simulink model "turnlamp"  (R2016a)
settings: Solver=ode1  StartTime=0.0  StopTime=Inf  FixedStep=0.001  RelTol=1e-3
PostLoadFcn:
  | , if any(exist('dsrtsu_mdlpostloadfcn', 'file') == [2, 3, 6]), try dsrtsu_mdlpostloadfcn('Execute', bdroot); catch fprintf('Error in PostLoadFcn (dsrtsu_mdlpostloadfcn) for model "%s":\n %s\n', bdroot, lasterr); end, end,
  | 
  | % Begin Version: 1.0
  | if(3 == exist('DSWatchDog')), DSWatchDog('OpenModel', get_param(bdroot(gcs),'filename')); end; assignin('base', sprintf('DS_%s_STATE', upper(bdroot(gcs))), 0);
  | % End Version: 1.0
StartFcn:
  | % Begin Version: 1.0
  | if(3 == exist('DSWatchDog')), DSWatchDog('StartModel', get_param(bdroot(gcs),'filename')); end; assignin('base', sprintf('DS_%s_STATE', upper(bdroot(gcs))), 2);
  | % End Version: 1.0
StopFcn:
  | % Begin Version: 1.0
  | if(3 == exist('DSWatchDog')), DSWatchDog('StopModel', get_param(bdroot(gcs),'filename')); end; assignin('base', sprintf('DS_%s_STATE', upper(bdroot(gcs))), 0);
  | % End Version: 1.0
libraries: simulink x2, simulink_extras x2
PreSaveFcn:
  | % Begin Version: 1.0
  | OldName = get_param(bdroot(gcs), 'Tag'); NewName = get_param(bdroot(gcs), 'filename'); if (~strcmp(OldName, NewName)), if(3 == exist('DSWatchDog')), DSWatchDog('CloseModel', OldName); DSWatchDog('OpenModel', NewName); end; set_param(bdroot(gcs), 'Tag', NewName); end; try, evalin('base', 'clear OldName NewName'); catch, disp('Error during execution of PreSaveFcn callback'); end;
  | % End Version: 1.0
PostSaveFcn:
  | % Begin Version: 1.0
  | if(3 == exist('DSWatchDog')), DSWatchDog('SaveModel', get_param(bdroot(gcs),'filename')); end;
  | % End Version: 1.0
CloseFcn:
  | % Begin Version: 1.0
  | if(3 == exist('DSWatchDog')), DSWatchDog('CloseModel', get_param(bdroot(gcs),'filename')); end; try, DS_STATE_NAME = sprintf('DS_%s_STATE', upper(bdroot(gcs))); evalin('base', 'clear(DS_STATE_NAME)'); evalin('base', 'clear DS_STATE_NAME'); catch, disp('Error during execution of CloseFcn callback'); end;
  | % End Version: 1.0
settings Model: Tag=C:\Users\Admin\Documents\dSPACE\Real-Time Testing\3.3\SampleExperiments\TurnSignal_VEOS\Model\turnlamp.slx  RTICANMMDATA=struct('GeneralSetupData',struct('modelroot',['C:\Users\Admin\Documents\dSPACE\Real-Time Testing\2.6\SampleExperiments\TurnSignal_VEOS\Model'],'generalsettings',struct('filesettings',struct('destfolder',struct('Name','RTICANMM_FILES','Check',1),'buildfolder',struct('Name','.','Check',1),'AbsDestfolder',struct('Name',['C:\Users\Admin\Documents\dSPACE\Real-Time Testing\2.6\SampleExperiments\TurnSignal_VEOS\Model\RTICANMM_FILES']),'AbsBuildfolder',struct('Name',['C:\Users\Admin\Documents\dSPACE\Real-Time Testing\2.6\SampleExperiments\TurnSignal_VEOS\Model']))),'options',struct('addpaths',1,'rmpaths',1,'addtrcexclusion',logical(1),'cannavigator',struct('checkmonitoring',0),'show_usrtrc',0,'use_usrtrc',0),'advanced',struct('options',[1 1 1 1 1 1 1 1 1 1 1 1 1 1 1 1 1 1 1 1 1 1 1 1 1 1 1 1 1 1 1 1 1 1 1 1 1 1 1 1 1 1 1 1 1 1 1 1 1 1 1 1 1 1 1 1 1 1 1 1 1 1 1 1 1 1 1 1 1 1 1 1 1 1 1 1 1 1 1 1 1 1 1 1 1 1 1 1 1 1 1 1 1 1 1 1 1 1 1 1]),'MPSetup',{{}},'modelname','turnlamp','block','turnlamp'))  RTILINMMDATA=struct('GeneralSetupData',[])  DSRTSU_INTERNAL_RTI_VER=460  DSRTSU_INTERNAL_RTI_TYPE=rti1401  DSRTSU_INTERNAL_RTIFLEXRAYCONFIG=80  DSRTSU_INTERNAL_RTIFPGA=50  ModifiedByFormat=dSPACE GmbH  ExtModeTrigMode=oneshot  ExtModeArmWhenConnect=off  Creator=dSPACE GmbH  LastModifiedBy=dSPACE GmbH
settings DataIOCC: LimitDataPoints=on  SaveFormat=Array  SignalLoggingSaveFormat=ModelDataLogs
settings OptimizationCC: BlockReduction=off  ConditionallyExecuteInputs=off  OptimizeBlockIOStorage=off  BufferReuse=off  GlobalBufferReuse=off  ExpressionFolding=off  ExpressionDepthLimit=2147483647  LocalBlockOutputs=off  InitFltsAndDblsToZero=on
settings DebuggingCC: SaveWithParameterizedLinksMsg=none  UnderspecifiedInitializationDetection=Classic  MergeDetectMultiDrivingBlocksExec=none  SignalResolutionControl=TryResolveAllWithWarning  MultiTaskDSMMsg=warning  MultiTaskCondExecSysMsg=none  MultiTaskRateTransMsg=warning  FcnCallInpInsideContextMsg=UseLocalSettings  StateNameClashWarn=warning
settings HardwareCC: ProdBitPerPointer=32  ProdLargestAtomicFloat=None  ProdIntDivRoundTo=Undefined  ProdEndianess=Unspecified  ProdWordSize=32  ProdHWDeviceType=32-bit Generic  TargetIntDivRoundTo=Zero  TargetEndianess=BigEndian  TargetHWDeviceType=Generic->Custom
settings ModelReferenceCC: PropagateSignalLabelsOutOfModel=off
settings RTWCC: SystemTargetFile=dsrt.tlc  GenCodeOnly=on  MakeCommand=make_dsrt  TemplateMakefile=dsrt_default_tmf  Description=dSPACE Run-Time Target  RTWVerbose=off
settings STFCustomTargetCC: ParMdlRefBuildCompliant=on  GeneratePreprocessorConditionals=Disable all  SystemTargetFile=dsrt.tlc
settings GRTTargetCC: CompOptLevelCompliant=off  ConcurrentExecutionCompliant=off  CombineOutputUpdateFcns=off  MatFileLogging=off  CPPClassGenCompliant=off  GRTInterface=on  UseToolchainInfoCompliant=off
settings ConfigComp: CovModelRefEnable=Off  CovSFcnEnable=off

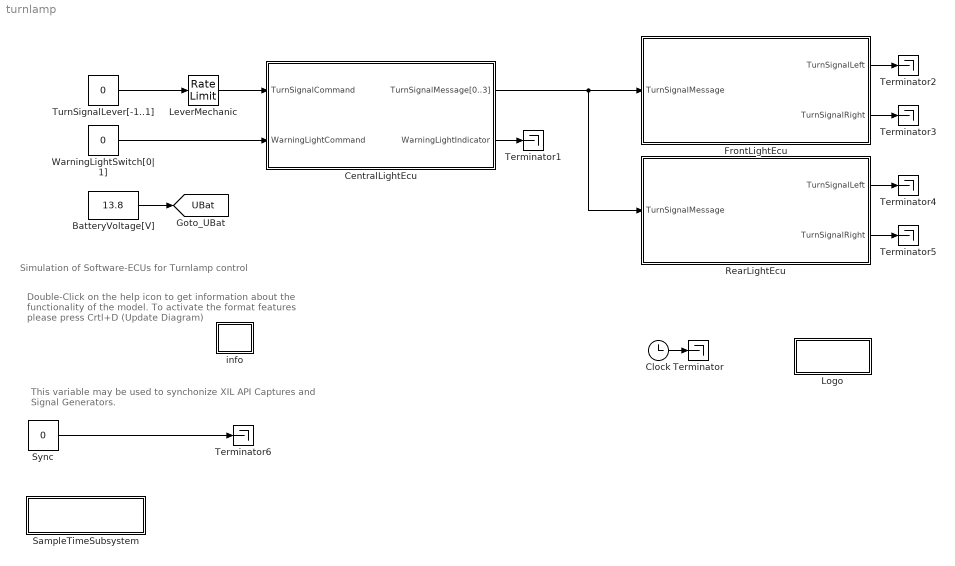
== system turnlamp ==
  note: This variable may be used to synchonize XIL API Captures
      | and Signal Generators.
  note: Simulation of Software-ECUs for Turnlamp control
  note: Double-Click on the help icon to get information about
      | the functionality of the model.
      |
      | To activate the format features please
      | press Crtl+D (Update Diagram)
  BatteryVoltage[V] : Constant  Value=13.8
  CentralLightEcu : Subsystem
  Clock : Clock
  FrontLightEcu : Subsystem
  LeverMechanic : RateLimiter  RisingSlewLimit=25  FallingSlewLimit=-25
  Logo : Subsystem  mask(dSPACE){EmptyParameter=[]}
      mask prompts: EmptyParameter "Mask Parameter 1:"
      settings: OpenFcn=;
      mask Display: image(imread('rti_mdl_dslogo.tif'));
  RearLightEcu : Subsystem
  SampleTimeSubsystem : Subsystem  TreatAsAtomicUnit=on  SystemSampleTime=0.01
  Sync : Constant  Value=0
  Terminator{,1..6} (7 alike) : Terminator
  TurnSignalLever[-1..1] : Constant  Value=0
  WarningLightSwitch[0|1] : Constant  Value=0
  info : Subsystem
      mask Display: disp('?')
  tag scope: UBat=global
  wires:
  TurnSignalLever[-1..1]/1 -> LeverMechanic/1
  LeverMechanic/1 -> CentralLightEcu/1(TurnSignalCommand)
  WarningLightSwitch[0|1]/1 -> CentralLightEcu/2(WarningLightCommand)
  CentralLightEcu/1(TurnSignalMessage[0..3]) -> FrontLightEcu/1(TurnSignalMessage), RearLightEcu/1(TurnSignalMessage)
  CentralLightEcu/2(WarningLightIndicator) -> Terminator1/1
  BatteryVoltage[V]/1 -> [UBat]
  FrontLightEcu/1(TurnSignalLeft) -> Terminator2/1
  FrontLightEcu/2(TurnSignalRight) -> Terminator3/1
  RearLightEcu/1(TurnSignalLeft) -> Terminator4/1
  RearLightEcu/2(TurnSignalRight) -> Terminator5/1
  Clock/1 -> Terminator/1
  Sync/1 -> Terminator6/1

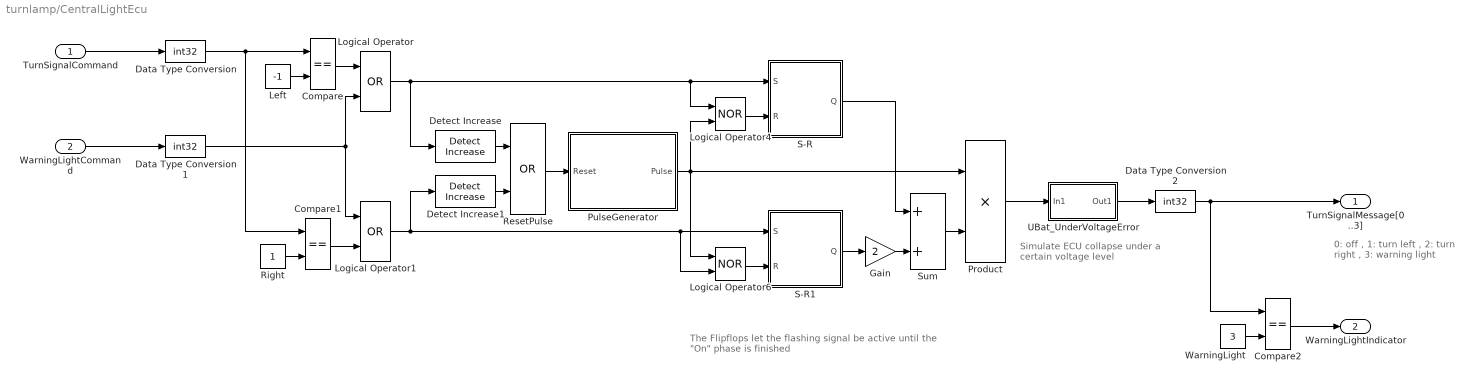
== system turnlamp/CentralLightEcu ==
  note: 0: off               ,
      | 1: turn left       ,
      | 2: turn right     ,
      | 3: warning light
  note: Simulate ECU collapse
      | under a certain voltage level
  note: The Flipflops let the flashing signal be active until
      | the "On" phase is finished
  TurnSignalCommand : Inport
  WarningLightCommand : Inport  Port=2
  Compare : RelationalOperator  Operator===  OutDataTypeStr=uint(8)  ZeroCross=off  InputSameDT=on
  Compare1 : RelationalOperator  Operator===  OutDataTypeStr=uint(8)  ZeroCross=off  InputSameDT=on
  Compare2 : RelationalOperator  Operator===  OutDataTypeStr=uint(8)  ZeroCross=off  InputSameDT=on
  Data Type Conversion : DataTypeConversion  OutDataTypeStr=int32  RndMeth=Zero
  Data Type Conversion1 : DataTypeConversion  OutDataTypeStr=int32  RndMeth=Zero
  Data Type Conversion2 : DataTypeConversion  OutDataTypeStr=int32  RndMeth=Zero
  Detect Increase : simulink/Logic and Bit Operations/Detect Increase  vinit=0.0  InputProcessing=Inherited  OutDataTypeStr=boolean
  Detect Increase1 : simulink/Logic and Bit Operations/Detect Increase  vinit=0.0  InputProcessing=Inherited  OutDataTypeStr=boolean
  Gain : Gain  Gain=2
  Left : Constant  Value=-1  OutDataTypeStr=Inherit: Inherit via back propagation
  Logical Operator : Logic  Operator=OR  AllPortsSameDT=off  OutDataTypeStr=uint(8)
  Logical Operator1 : Logic  Operator=OR  AllPortsSameDT=off  OutDataTypeStr=uint(8)
  Logical Operator4 : Logic  Operator=NOR  AllPortsSameDT=off  OutDataTypeStr=uint(8)
  Logical Operator6 : Logic  Operator=NOR  AllPortsSameDT=off  OutDataTypeStr=uint(8)
  Product : Product  RndMeth=Zero
  PulseGenerator : Subsystem
  ResetPulse : Logic  Operator=OR  AllPortsSameDT=off  OutDataTypeStr=uint(8)
  Right : Constant  OutDataTypeStr=Inherit: Inherit via back propagation
  S-R : Subsystem
  S-R1 : Subsystem
  Sum : Sum
  UBat_UnderVoltageError : Subsystem
  WarningLight : Constant  Value=3  OutDataTypeStr=Inherit: Inherit via back propagation
  TurnSignalMessage[0..3] : Outport
  WarningLightIndicator : Outport  Port=2
  wires:
  Data Type Conversion/1 -> Compare/1, Compare1/1
  Compare/1 -> Logical Operator/1
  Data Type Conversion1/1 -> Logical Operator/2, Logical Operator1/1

WORK TO BE COMPLETED
Reproduce the data above exactly, but only from the line containing "FrontLightEcu/2(TurnSignalRight) -> Terminator3/1" through the line containing "Logical Operator : Logic"; skip the pictures.

ANSWER FOR THIS EXERCISE
  FrontLightEcu/2(TurnSignalRight) -> Terminator3/1
  RearLightEcu/1(TurnSignalLeft) -> Terminator4/1
  RearLightEcu/2(TurnSignalRight) -> Terminator5/1
  Clock/1 -> Terminator/1
  Sync/1 -> Terminator6/1

== system turnlamp/CentralLightEcu ==
  note: 0: off               ,
      | 1: turn left       ,
      | 2: turn right     ,
      | 3: warning light
  note: Simulate ECU collapse
      | under a certain voltage level
  note: The Flipflops let the flashing signal be active until
      | the "On" phase is finished
  TurnSignalCommand : Inport
  WarningLightCommand : Inport  Port=2
  Compare : RelationalOperator  Operator===  OutDataTypeStr=uint(8)  ZeroCross=off  InputSameDT=on
  Compare1 : RelationalOperator  Operator===  OutDataTypeStr=uint(8)  ZeroCross=off  InputSameDT=on
  Compare2 : RelationalOperator  Operator===  OutDataTypeStr=uint(8)  ZeroCross=off  InputSameDT=on
  Data Type Conversion : DataTypeConversion  OutDataTypeStr=int32  RndMeth=Zero
  Data Type Conversion1 : DataTypeConversion  OutDataTypeStr=int32  RndMeth=Zero
  Data Type Conversion2 : DataTypeConversion  OutDataTypeStr=int32  RndMeth=Zero
  Detect Increase : simulink/Logic and Bit Operations/Detect Increase  vinit=0.0  InputProcessing=Inherited  OutDataTypeStr=boolean
  Detect Increase1 : simulink/Logic and Bit Operations/Detect Increase  vinit=0.0  InputProcessing=Inherited  OutDataTypeStr=boolean
  Gain : Gain  Gain=2
  Left : Constant  Value=-1  OutDataTypeStr=Inherit: Inherit via back propagation
  Logical Operator : Logic  Operator=OR  AllPortsSameDT=off  OutDataTypeStr=uint(8)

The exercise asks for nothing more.